For something where portability was always a big part of the pitch, having to be tethered to an AC adapter was a real bummer. I’ve been able to drag the new Organelle all over NYC — to a busy bar, on the Staten Island Ferry, to my parents’ house — and I’ve never had to find an outlet to spend a few minutes jamming. Critter & Guitari says you’ll get roughly five hours of play, though I averaged closer to four.
That can take a real nose dive if you turn the WiFi on. Also helpful is the addition of a speaker.
While obviously it would be rude to blast the Organelle on the bus, it’s nice to be able to sit on my steps or move from the couch to the kitchen without having to worry about extra cables or headphones. And the speaker sounds pretty damn good. It’s surprisingly loud and frankly blows the speakers on other portable music gadgets out of the water.
It’s about on par with what you’d find in a small smart speaker, like a Google Home Mini. Last, there’s a microphone on board now. Since one of the Organelle’s strengths lies in sampling and manipulating audio, not having to plug in an external mic is great.
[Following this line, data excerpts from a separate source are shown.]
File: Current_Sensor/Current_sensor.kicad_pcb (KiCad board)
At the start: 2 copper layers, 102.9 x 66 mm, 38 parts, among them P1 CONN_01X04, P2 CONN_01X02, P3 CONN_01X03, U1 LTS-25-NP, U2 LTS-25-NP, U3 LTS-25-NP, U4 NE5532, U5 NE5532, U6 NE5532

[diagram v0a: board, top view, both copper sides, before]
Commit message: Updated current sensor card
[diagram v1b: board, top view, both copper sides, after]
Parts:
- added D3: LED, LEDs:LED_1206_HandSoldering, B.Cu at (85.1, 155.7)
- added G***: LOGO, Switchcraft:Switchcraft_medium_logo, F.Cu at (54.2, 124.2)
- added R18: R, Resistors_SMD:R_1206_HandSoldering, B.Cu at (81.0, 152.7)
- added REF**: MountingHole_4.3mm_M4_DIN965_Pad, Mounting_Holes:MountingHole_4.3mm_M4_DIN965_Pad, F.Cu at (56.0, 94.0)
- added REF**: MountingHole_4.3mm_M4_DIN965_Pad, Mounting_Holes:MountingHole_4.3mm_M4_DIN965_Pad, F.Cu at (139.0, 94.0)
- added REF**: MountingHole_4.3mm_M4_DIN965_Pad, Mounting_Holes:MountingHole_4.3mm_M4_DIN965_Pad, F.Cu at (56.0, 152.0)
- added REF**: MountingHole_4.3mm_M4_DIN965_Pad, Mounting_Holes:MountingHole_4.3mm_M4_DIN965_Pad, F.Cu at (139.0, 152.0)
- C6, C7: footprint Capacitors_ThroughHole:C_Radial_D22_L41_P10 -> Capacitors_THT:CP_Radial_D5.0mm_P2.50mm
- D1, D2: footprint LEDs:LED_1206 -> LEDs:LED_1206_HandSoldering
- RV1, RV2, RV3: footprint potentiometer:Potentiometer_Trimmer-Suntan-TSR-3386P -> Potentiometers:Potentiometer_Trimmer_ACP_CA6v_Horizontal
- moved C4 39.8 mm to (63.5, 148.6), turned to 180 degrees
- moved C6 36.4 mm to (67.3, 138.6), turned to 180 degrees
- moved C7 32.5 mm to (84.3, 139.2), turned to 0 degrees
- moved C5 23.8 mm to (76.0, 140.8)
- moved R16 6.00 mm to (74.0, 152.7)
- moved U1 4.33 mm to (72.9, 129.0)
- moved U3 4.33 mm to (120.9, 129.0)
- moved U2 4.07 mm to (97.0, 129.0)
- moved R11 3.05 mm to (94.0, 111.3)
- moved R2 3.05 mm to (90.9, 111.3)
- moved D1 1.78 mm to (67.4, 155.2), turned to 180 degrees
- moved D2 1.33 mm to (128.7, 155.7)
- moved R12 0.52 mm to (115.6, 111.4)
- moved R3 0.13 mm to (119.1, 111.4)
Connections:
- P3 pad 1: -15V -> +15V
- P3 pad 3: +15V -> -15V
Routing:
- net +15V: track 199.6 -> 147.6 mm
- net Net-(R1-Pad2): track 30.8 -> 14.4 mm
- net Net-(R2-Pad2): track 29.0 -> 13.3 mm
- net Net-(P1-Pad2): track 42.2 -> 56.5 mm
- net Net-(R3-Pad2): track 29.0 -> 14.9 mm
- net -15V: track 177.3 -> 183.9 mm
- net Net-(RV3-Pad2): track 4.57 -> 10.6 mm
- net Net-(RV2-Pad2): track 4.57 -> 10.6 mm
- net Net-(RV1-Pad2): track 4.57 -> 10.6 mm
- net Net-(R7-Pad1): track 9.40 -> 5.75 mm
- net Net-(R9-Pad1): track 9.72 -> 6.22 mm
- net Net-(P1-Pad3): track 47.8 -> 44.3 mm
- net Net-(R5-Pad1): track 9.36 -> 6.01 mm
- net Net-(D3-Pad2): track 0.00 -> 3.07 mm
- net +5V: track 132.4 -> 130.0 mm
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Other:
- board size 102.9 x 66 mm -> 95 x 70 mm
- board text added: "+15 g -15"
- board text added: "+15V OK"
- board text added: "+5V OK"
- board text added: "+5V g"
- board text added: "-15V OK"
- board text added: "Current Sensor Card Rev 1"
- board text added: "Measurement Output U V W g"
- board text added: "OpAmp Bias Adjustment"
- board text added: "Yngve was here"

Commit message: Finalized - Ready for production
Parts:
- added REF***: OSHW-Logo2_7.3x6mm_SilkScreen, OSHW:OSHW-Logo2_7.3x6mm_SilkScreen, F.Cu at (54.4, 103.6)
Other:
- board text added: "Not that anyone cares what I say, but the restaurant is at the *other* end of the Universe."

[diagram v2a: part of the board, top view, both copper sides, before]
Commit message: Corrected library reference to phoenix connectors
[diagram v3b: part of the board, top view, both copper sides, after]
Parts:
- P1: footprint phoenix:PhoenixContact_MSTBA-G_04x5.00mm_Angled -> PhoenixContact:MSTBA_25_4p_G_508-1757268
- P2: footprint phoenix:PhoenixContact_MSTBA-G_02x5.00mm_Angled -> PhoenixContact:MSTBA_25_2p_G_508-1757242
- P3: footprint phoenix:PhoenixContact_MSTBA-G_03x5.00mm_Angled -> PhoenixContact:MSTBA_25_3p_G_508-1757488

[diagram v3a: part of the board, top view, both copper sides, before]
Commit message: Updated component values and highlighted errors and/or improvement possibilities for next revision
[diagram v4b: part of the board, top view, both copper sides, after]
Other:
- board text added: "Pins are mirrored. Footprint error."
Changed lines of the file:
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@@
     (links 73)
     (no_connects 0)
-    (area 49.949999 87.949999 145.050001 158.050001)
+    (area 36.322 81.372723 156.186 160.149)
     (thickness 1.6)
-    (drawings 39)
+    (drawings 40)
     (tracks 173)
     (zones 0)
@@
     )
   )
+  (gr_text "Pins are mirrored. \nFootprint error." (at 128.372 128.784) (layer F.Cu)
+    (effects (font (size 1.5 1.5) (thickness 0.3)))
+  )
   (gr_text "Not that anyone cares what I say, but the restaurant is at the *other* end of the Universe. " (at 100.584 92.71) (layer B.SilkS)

It mostly gets the job done if you’re just looking to have fun, but don’t expect it to capture crystal-clear audio. The results definitely have a decidedly lo-fi vibe, but that might be exactly what you’re going for. One quick word of warning though: Keep that mic turned off when you’re not using it (there’s a switch on the back).
Some patches have the input level turned up by default, and if you have the speaker turned up too high, it can cause some rather unpleasant feedback.
CloudsAccording to Mutable Instruments, Clouds “is focused on the realtime granularization of incoming audio signals, and their transformation into amorphous textures.” ?_(?)_/? This is what a recreation of it on the Organelle did to my guitar.
All these things have combined to make the Organelle my new go-to couch instrument. When I’m hanging out around the apartment, I find myself reaching for it constantly and taking it with me from room to room.
I’ll take short samples of my son banging on his piano or saying something silly and then warp it until it’s completely unrecognizable. And I’ve started sticking it between my guitar and my amp whenever I sit down to play so I can tap into some of its more experimental looping and reverb patches. It has not replaced Teenage Engineering’s PO-33 KO as my go-to commuting instrument, though.
The Organelle is a tad too big and bulky to take with me everywhere. It’s more than 13 inches long and nearly 1.7lbs with batteries installed. That’s hardly unmanageable, but it’s a bit much to be tossing in a bag just in case I have some downtime.
Honestly, it’s kinda hard to review something like the Organelle. It’s a truly unique device with little in the way of direct competition. But it’s also for a particular type of person.
It’s for adventurous sonic manipulators and those looking to dabble in building their own custom Pd patches. If you just want something for knocking out acid bass lines while you’re riding the bus, Organelle is probably overkill. But if you’re willing to put in the time and effort, it can become an indispensable Swiss Army knife in your music-making setup.